We present the trial data of iGAZE2, an updated eye-controlled robotised endoscope control system. The previous trial using the original system proved the feasibility of an eye-controlled robotised endoscope control system. The trial also suggested the system may be more intuitive but was not designed to answer this question. The trial design of this new study used only novices and allowing us to ascertain the comparative intuitiveness of iGAZE2 vs conventional endoscopy through both objective and subjective measures.

All users were significantly quicker using iGAZE2 suggesting that iGAZE2, a gaze-controlled system was more intuitive denoted by the improved performance. The addition of a foot pedal also proved to be a more intuitive method to control retroflexion with significantly quicker completion of retroflexion with iGAZE2.

All users reported a significantly lower workload across all domains suggesting further the intuitiveness of iGAZE2 vs conventional endoscopy. In the previous trial this has been true other than for physical demand. The previous system used head tilting and body movement to control rotation and insertion of the endoscope. This was removed in iGAZE2 with insertion and withdrawal controlled by the right hand. This update seemed to improve the workload further with a significant lower physical demand in iGAZE2 vs conventional endoscopy.

The new platform involves a combination of gaze and manual control. Only one hand is needed to insert and withdraw the endoscope leaving the other hand free. The other hand could be used to control instruments which currently is performed by a second person requiring the endoscopist to communicate and be reliant on assistant to perform critical tasks such as knife deployments, snare closure and coagulation grasping. When the endoscopist has the area of interest in the field of view all tip control could be done hands free with only intermittent use of the right hand to withdraw or insert the endoscope if needed during the intervention. The previous iteration was entirely hands free but introduction of the combined controlled system is demonstrated to still have a significantly improved performance and workload vs the conventional endoscope control system.
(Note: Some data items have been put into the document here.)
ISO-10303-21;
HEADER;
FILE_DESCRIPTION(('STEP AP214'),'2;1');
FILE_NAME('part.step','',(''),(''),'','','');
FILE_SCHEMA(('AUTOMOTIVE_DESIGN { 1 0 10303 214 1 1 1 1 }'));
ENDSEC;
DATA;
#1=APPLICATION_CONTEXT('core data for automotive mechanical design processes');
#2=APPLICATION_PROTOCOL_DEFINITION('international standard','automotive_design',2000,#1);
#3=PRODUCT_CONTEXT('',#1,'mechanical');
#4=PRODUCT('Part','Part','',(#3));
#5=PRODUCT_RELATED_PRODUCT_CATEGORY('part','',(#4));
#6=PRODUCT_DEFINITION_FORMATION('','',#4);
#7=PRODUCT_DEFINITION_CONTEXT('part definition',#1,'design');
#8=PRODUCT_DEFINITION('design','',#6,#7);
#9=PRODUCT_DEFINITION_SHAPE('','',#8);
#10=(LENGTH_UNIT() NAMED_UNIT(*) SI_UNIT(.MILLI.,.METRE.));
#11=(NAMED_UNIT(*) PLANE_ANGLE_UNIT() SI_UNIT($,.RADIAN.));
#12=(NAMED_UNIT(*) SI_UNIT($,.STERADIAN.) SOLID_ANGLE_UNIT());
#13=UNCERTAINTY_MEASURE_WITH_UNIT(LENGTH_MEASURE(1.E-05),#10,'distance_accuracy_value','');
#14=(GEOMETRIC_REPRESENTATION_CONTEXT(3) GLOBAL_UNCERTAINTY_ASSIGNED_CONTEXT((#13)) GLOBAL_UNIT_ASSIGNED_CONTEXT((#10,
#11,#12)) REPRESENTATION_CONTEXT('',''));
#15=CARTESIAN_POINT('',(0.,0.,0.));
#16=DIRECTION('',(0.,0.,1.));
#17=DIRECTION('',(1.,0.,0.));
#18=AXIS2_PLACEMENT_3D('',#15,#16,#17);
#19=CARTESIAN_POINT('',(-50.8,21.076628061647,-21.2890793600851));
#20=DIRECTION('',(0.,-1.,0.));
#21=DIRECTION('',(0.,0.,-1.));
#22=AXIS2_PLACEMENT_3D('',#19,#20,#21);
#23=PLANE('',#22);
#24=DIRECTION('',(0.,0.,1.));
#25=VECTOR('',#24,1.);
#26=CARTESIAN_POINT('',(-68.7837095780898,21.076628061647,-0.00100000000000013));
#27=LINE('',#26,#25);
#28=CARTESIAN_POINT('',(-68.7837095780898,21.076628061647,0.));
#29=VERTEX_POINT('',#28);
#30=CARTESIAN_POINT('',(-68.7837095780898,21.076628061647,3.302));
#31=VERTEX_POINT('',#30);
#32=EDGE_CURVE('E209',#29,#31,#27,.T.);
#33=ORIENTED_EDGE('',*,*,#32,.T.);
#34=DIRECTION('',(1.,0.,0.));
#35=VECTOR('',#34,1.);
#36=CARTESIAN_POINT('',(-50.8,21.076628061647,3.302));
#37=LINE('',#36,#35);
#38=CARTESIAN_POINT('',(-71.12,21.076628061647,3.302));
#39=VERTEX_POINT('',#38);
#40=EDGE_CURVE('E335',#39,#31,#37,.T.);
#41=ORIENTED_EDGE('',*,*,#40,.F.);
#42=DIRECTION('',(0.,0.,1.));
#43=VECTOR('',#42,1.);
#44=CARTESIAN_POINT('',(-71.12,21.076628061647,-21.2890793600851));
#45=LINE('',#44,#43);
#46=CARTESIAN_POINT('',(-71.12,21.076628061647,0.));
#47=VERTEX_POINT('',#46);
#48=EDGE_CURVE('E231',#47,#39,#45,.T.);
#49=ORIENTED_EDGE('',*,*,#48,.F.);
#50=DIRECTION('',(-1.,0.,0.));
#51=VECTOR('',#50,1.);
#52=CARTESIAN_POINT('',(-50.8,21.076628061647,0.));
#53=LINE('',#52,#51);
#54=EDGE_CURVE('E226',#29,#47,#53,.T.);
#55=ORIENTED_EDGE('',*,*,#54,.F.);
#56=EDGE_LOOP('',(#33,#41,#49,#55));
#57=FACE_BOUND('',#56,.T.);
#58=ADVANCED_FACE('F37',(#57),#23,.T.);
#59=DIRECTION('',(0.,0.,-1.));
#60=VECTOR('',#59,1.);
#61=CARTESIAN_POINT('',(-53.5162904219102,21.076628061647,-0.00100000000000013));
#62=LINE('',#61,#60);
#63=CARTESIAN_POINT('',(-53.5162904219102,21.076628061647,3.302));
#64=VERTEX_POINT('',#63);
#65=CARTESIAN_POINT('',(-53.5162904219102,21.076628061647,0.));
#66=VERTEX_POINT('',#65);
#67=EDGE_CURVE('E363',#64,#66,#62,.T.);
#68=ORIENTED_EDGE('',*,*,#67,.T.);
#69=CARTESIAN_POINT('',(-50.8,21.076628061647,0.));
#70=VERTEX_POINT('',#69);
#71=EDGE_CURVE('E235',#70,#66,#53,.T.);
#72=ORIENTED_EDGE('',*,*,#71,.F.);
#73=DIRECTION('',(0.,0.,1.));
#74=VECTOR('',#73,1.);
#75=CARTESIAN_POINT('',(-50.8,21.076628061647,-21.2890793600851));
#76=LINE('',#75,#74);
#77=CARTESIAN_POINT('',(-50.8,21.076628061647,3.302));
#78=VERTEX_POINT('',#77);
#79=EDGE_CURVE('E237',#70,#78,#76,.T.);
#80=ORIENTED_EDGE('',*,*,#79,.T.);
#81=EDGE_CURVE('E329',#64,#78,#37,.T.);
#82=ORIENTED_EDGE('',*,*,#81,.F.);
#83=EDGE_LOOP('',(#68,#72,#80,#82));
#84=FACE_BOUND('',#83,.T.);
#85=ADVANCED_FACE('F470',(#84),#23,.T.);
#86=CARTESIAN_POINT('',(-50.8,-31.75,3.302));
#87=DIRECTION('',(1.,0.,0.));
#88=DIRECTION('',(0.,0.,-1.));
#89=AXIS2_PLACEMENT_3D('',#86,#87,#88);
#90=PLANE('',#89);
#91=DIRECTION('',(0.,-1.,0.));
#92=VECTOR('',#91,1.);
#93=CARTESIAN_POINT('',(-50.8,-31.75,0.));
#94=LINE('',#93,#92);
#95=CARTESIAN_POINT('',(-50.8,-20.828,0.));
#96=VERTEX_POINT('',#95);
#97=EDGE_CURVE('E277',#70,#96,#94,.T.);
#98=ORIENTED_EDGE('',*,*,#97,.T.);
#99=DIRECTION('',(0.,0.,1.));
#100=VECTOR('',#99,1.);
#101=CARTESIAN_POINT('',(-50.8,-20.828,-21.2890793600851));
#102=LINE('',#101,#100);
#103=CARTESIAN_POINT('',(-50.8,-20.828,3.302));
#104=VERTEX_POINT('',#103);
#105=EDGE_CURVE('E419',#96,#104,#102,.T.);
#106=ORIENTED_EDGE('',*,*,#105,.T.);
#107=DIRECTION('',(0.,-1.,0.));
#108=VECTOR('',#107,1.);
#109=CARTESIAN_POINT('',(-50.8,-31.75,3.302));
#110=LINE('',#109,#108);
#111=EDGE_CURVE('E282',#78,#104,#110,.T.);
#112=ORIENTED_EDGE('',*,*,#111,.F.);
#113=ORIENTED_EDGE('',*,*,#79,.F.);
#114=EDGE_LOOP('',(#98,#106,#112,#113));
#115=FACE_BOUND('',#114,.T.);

Limitations of this study include the simulated environment which does not truly represent the deformability and peristalsis seen in real endoscopy. Ethics have been obtained for a human trial which is planned next. Lower gastrointestinal endoscopy has different requirements including torque steering and therefore the outcomes cannot be applied to lower endoscopy.

Conclusions

The remit of endoscopy continues to grow requiring precision control via the conventional despite its well documented non intuitive and poor ergonomic control system. There has been much work on modernising the control system through use of robotics. The new iteration of our gaze-control system has proved to be a more intuitive control system than conventional endoscopy and is the only system we are aware of using gaze as a control input. The tip control remains hands free but insertion is now manual. This study has shown it remains favourable as a control system to a conventional endoscope. The updated system has a significantly smaller footprint and due to its setup can be fitted to any conventional endoscope through printing different 3D gears at a low cost. This system represents a further exciting step in this novel endoscope control system with the potential to reduce mental workload associated with advanced endoscopic procedures.